In some embodiments, a plurality of spaced first pins connected to
the first electrode are provided on the first substrate, wherein
the first pins are connected to the first electrode units in
one-to-one correspondence; and a plurality of spaced second pins
connected to the second electrode are provided on the second
substrate, wherein the second pins are connected to the second
electrode units in one-to-one correspondence, the first pins are
disposed oppositely to the second pins in one-to-one
correspondence; wherein each first pin is adhered and electrically
connected to a corresponding second pin by a conductive
adhesive.
In some embodiments, the conductive adhesive comprises metal
particles, at least one of the metal particles being between one of
the first pins and the corresponding one of the second pins, such
that one of the first electrode units corresponding to the one of
the first pins is electrically connected to one of the second
electrode units corresponding to the one of the second pins.
According to another aspect of embodiments of the present
disclosure, a biological detection device is provided. The device
comprises the microfluidic chip as described above.
According to another aspect of embodiments of the present
disclosure, a method for manufacturing a microfluidic chip is
provided. The method comprises: forming a patterned first electrode
on a first substrate, and forming a patterned second electrode on a
second substrate, wherein the first electrode comprises a plurality
of spaced first electrode units, and the second electrode comprises
a plurality of spaced second electrode units; forming a first
dielectric layer on the first electrode, and forming a second
dielectric layer on the second electrode; forming a first
hydrophobic layer on the first dielectric layer, and forming a
second hydrophobic layer on the second dielectric layer; and
disposing oppositely the first substrate and the second substrate,
such that the first electrode, the second electrode, the first
dielectric layer, the second dielectric layer, the first
hydrophobic layer, and the second hydrophobic layer are all between
the first substrate and the second substrate, wherein a gap is
formed between the first hydrophobic layer and the second
hydrophobic layer.
In some embodiments, before forming the first dielectric layer and
the second dielectric layer, the method further comprises: forming
a plurality of spaced first pins connected to the first electrode
on the first substrate, wherein the first pins are connected to the
first electrode units in one-to-one correspondence; and forming a
plurality of spaced second pins connected to the second electrode
on the second substrate, wherein the second pins are connected to
the second electrode units in one-to-one correspondence; wherein in
the step of disposing oppositely the first substrate and the second
substrate, the first pins are disposed oppositely to the second
pins in one-to-one correspondence.
In some embodiments, the step of disposing oppositely the first
substrate and the second substrate comprises: adhering and
electrically connecting each first pin to a corresponding second
pin by a conductive adhesive.
According to another aspect of embodiments of the present
disclosure, a method for moving a sample droplet using the
microfluidic chip as described above is provided.
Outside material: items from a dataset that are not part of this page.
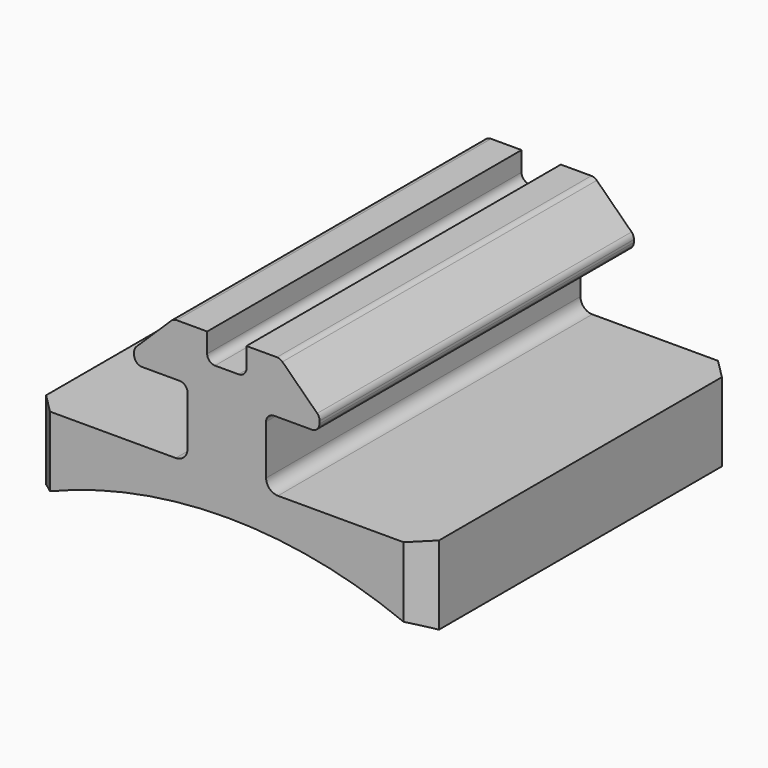
from build123d import *

# Parameters (mm, degrees)
F1_DEPTH = 10
F2_R     = 0.2
F3_R     = 0.3
F4_SIZE  = 0.5


# Not quite as in the source:
# - a feature names something its author has since deleted; it is built from what else it names


with BuildPart() as f1:
    # F0 (on Front) → F1 (new body)
    with BuildSketch(Plane.XZ):
        with BuildLine():
            Line((-5, 0.8663841993), (-5, -1.1336158007))
            ThreePointArc((-5, -1.1336158007), (-2.5588527336, -0.3183237919), (0, -0.0423279154))
            ThreePointArc((0, -0.0423279154), (2.5588527336, -0.3183237919), (5, -1.1336158007))
            Line((5, -1.1336158007), (5, 0.8663841993))
            Line((5, 0.8663841993), (1, 0.8663841993))
            Line((1, 0.8663841993), (1, 2.6280805469))
            Line((1, 2.6280805469), (2.3511576001, 2.6280805469))
            Line((2.3511576001, 2.6280805469), (2.363298554, 2.9764297366))
            Line((2.363298554, 2.9764297366), (1.357049332, 3.9621986704))
            Line((1.357049332, 3.9621986704), (0.5, 3.9621986704))
            Line((0.5, 3.9621986704), (0.5, 3.2621986704))
            Line((0.5, 3.2621986704), (0, 3.2621986704))
            Line((0, 3.2621986704), (-0.5, 3.2621986704))
            Line((-0.5, 3.2621986704), (-0.5, 3.9621986704))
            Line((-0.5, 3.9621986704), (-1.357049332, 3.9621986704))
            Line((-1.357049332, 3.9621986704), (-2.363298554, 2.9764297366))
            Line((-2.363298554, 2.9764297366), (-2.3511576001, 2.6280805469))
            Line((-2.3511576001, 2.6280805469), (-1, 2.6280805469))
            Line((-1, 2.6280805469), (-1, 0.8663841993))
            Line((-1, 0.8663841993), (-5, 0.8663841993))
        make_face()
    extrude(amount=F1_DEPTH)

    # F2
    f2_edges = [f1.edges().sort_by_distance(p)[0] for p in [
        (-0.5, -5, 3.262199),
        (0.5, -5, 3.262199),
        (2.351158, -5, 2.628081),
        (1, -5, 2.628081),
        (2.363299, -5, 2.97643),
        (1.357049, -5, 3.962199),
        (-1, -5, 2.628081),
        (-2.351158, -5, 2.628081),
        (-2.363299, -5, 2.97643),
        (-1.357049, -5, 3.962199),
    ]]
    fillet(f2_edges, radius=F2_R)

    # F3
    f3_edges = [f1.edges().sort_by_distance(p)[0] for p in [
        (-1, -5, 0.866384),
        (1, -5, 0.866384),
    ]]
    fillet(f3_edges, radius=F3_R)

    # F4
    f4_edges = [f1.edges().sort_by_distance(p)[0] for p in [
        (-5, -10, -0.133616),
        (5, -10, -0.133616),
        (5, 0, -0.133616),
        (-5, 0, -0.133616),
    ]]
    chamfer(f4_edges, length=F4_SIZE)


solid = f1.part

The method
comprises: introducing a sample droplet into the gap of the
microfluidic chip; and applying sequentially a plurality of groups
of driving signals to the first electrode and the second electrode
that are oppositely disposed to move the sample droplet, wherein
applying each group of driving signals comprises: applying a
driving voltage to one of the first electrode units and a driving
voltage to one of the second electrode units, wherein the one of
the first electrode units and the one of the second electrode units
are closest to the sample droplet on a moving direction side of the
sample droplet, and the driving voltage applied to the one of the
first electrode units has the same polarity as the driving voltage
applied to the one of the second electrode units, and applying a
ground voltage to remaining first electrode units and remaining
second electrode units.
In some embodiments, the driving voltage applied to the one of the
first electrode units is equal to the driving voltage applied to
the one of the second electrode units.
According to another aspect of embodiments of the present
disclosure, a method for separating a sample droplet using the
microfluidic chip as described above is provided. The method
comprises: introducing a sample droplet into the gap of the
microfluidic chip; and applying a first group of driving voltages
to at least one group of electrode units on one side of the sample
droplet, and applying a second group of driving voltages having the
same polarity as the first group of driving voltages to at least
one group of electrode units on another side of the sample droplet,
to separate the sample droplet, wherein each group of electrode
units comprises one of the first electrode units and a second
electrode unit disposed oppositely to the one of the first
electrode units, and each group of driving voltages comprises a
driving voltage applied to the one of the first electrode units and
a driving voltage applied to the second electrode unit.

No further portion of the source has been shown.